- WHAT NEEDS TO BE DONE: I need the records below retyped exactly.

- RECORDS FOR THIS TASK:
★ ★ ★ ★ ★

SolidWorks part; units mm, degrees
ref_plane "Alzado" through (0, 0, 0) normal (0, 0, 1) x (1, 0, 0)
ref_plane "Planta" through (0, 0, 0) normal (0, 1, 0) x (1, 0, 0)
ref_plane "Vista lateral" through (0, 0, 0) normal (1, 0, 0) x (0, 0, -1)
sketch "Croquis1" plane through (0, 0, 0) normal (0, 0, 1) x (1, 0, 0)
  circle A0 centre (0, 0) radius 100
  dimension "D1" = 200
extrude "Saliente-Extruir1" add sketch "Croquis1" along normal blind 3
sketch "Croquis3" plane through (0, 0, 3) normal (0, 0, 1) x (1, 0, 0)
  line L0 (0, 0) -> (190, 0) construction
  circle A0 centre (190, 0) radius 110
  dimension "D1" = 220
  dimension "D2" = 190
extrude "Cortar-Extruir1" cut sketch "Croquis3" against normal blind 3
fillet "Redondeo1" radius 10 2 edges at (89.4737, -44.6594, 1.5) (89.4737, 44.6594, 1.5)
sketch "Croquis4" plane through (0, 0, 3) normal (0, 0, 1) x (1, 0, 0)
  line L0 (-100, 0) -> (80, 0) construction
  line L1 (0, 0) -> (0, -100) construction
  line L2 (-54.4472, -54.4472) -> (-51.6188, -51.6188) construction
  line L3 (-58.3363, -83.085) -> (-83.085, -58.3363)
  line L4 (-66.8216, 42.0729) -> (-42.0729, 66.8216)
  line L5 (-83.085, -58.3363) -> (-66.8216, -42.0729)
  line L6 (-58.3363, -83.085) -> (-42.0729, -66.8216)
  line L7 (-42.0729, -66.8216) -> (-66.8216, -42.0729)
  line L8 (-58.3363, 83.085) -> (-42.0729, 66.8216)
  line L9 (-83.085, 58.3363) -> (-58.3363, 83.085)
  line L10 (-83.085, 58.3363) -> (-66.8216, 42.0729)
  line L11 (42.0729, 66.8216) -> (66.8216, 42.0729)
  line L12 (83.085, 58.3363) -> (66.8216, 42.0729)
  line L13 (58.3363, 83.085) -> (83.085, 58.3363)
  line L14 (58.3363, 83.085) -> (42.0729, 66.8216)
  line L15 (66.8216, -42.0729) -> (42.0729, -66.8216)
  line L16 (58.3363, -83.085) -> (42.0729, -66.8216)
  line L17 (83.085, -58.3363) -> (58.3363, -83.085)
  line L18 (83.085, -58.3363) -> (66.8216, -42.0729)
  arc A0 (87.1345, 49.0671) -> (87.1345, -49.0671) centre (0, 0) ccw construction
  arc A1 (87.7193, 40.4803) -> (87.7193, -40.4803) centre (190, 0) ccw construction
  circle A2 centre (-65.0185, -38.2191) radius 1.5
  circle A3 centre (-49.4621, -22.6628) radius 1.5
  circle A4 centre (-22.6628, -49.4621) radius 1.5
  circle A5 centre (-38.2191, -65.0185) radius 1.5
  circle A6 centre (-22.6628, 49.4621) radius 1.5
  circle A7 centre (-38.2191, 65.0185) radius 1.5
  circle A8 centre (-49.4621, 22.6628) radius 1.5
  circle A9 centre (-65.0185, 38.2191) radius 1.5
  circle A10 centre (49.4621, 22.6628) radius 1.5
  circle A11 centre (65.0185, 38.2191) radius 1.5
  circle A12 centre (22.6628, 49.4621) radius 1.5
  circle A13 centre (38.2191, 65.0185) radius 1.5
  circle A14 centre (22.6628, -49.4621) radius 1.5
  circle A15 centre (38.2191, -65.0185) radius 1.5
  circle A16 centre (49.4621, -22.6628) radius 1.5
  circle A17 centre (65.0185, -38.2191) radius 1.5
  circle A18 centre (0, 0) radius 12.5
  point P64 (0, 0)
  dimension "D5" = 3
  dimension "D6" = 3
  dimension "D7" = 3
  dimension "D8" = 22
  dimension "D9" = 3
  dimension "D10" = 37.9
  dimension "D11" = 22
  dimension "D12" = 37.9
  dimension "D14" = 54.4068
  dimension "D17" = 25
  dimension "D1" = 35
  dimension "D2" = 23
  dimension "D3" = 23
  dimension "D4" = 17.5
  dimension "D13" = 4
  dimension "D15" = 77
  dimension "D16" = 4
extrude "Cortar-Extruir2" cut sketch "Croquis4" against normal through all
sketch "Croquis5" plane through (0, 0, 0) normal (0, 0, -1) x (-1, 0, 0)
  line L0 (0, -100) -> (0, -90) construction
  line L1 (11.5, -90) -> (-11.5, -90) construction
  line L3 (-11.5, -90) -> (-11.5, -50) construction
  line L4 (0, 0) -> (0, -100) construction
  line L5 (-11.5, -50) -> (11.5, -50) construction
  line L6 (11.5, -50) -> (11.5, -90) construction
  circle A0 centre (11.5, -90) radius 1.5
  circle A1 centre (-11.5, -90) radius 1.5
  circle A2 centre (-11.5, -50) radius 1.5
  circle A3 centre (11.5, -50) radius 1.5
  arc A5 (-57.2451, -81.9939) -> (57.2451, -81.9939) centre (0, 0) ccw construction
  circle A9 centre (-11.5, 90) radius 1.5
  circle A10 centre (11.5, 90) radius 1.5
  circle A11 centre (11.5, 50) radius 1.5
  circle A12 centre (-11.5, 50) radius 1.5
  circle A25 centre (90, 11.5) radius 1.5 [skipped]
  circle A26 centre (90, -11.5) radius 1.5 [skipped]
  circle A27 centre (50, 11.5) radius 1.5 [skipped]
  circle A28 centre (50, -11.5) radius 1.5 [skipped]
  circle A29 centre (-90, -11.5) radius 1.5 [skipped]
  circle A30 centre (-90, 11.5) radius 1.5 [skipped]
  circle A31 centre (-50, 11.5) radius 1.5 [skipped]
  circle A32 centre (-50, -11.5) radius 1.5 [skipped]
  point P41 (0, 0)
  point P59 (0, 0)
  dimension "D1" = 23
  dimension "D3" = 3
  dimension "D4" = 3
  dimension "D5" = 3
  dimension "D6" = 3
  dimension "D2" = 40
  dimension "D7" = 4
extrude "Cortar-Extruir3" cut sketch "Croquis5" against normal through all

★ ★ ★ ★ ★

- EXERCISE ANSWER:
SolidWorks part; units mm, degrees
ref_plane "Alzado" through (0, 0, 0) normal (0, 0, 1) x (1, 0, 0)
ref_plane "Planta" through (0, 0, 0) normal (0, 1, 0) x (1, 0, 0)
ref_plane "Vista lateral" through (0, 0, 0) normal (1, 0, 0) x (0, 0, -1)
sketch "Croquis1" plane through (0, 0, 0) normal (0, 0, 1) x (1, 0, 0)
  circle A0 centre (0, 0) radius 100
  dimension "D1" = 200
extrude "Saliente-Extruir1" add sketch "Croquis1" along normal blind 3
sketch "Croquis3" plane through (0, 0, 3) normal (0, 0, 1) x (1, 0, 0)
  line L0 (0, 0) -> (190, 0) construction
  circle A0 centre (190, 0) radius 110
  dimension "D1" = 220
  dimension "D2" = 190
extrude "Cortar-Extruir1" cut sketch "Croquis3" against normal blind 3
fillet "Redondeo1" radius 10 2 edges at (89.4737, -44.6594, 1.5) (89.4737, 44.6594, 1.5)
sketch "Croquis4" plane through (0, 0, 3) normal (0, 0, 1) x (1, 0, 0)
  line L0 (-100, 0) -> (80, 0) construction
  line L1 (0, 0) -> (0, -100) construction
  line L2 (-54.4472, -54.4472) -> (-51.6188, -51.6188) construction
  line L3 (-58.3363, -83.085) -> (-83.085, -58.3363)
  line L4 (-66.8216, 42.0729) -> (-42.0729, 66.8216)
  line L5 (-83.085, -58.3363) -> (-66.8216, -42.0729)
  line L6 (-58.3363, -83.085) -> (-42.0729, -66.8216)
  line L7 (-42.0729, -66.8216) -> (-66.8216, -42.0729)
  line L8 (-58.3363, 83.085) -> (-42.0729, 66.8216)
  line L9 (-83.085, 58.3363) -> (-58.3363, 83.085)
  line L10 (-83.085, 58.3363) -> (-66.8216, 42.0729)
  line L11 (42.0729, 66.8216) -> (66.8216, 42.0729)
  line L12 (83.085, 58.3363) -> (66.8216, 42.0729)
  line L13 (58.3363, 83.085) -> (83.085, 58.3363)
  line L14 (58.3363, 83.085) -> (42.0729, 66.8216)
  line L15 (66.8216, -42.0729) -> (42.0729, -66.8216)
  line L16 (58.3363, -83.085) -> (42.0729, -66.8216)
  line L17 (83.085, -58.3363) -> (58.3363, -83.085)
  line L18 (83.085, -58.3363) -> (66.8216, -42.0729)
  arc A0 (87.1345, 49.0671) -> (87.1345, -49.0671) centre (0, 0) ccw construction
  arc A1 (87.7193, 40.4803) -> (87.7193, -40.4803) centre (190, 0) ccw construction
  circle A2 centre (-65.0185, -38.2191) radius 1.5
  circle A3 centre (-49.4621, -22.6628) radius 1.5
  circle A4 centre (-22.6628, -49.4621) radius 1.5
  circle A5 centre (-38.2191, -65.0185) radius 1.5
  circle A6 centre (-22.6628, 49.4621) radius 1.5
  circle A7 centre (-38.2191, 65.0185) radius 1.5
  circle A8 centre (-49.4621, 22.6628) radius 1.5
  circle A9 centre (-65.0185, 38.2191) radius 1.5
  circle A10 centre (49.4621, 22.6628) radius 1.5
  circle A11 centre (65.0185, 38.2191) radius 1.5
  circle A12 centre (22.6628, 49.4621) radius 1.5
  circle A13 centre (38.2191, 65.0185) radius 1.5
  circle A14 centre (22.6628, -49.4621) radius 1.5
  circle A15 centre (38.2191, -65.0185) radius 1.5
  circle A16 centre (49.4621, -22.6628) radius 1.5
  circle A17 centre (65.0185, -38.2191) radius 1.5
  circle A18 centre (0, 0) radius 12.5
  point P64 (0, 0)
  dimension "D5" = 3
  dimension "D6" = 3
  dimension "D7" = 3
  dimension "D8" = 22
  dimension "D9" = 3
  dimension "D10" = 37.9
  dimension "D11" = 22
  dimension "D12" = 37.9
  dimension "D14" = 54.4068
  dimension "D17" = 25
  dimension "D1" = 35
  dimension "D2" = 23
  dimension "D3" = 23
  dimension "D4" = 17.5
  dimension "D13" = 4
  dimension "D15" = 77
  dimension "D16" = 4
extrude "Cortar-Extruir2" cut sketch "Croquis4" against normal through all
sketch "Croquis5" plane through (0, 0, 0) normal (0, 0, -1) x (-1, 0, 0)
  line L0 (0, -100) -> (0, -90) construction
  line L1 (11.5, -90) -> (-11.5, -90) construction
  line L3 (-11.5, -90) -> (-11.5, -50) construction
  line L4 (0, 0) -> (0, -100) construction
  line L5 (-11.5, -50) -> (11.5, -50) construction
  line L6 (11.5, -50) -> (11.5, -90) construction
  circle A0 centre (11.5, -90) radius 1.5
  circle A1 centre (-11.5, -90) radius 1.5
  circle A2 centre (-11.5, -50) radius 1.5
  circle A3 centre (11.5, -50) radius 1.5
  arc A5 (-57.2451, -81.9939) -> (57.2451, -81.9939) centre (0, 0) ccw construction
  circle A9 centre (-11.5, 90) radius 1.5
  circle A10 centre (11.5, 90) radius 1.5
  circle A11 centre (11.5, 50) radius 1.5
  circle A12 centre (-11.5, 50) radius 1.5
  circle A25 centre (90, 11.5) radius 1.5 [skipped]
  circle A26 centre (90, -11.5) radius 1.5 [skipped]
  circle A27 centre (50, 11.5) radius 1.5 [skipped]
  circle A28 centre (50, -11.5) radius 1.5 [skipped]
  circle A29 centre (-90, -11.5) radius 1.5 [skipped]
  circle A30 centre (-90, 11.5) radius 1.5 [skipped]
  circle A31 centre (-50, 11.5) radius 1.5 [skipped]
  circle A32 centre (-50, -11.5) radius 1.5 [skipped]
  point P41 (0, 0)
  point P59 (0, 0)
  dimension "D1" = 23
  dimension "D3" = 3
  dimension "D4" = 3
  dimension "D5" = 3
  dimension "D6" = 3
  dimension "D2" = 40
  dimension "D7" = 4
extrude "Cortar-Extruir3" cut sketch "Croquis5" against normal through all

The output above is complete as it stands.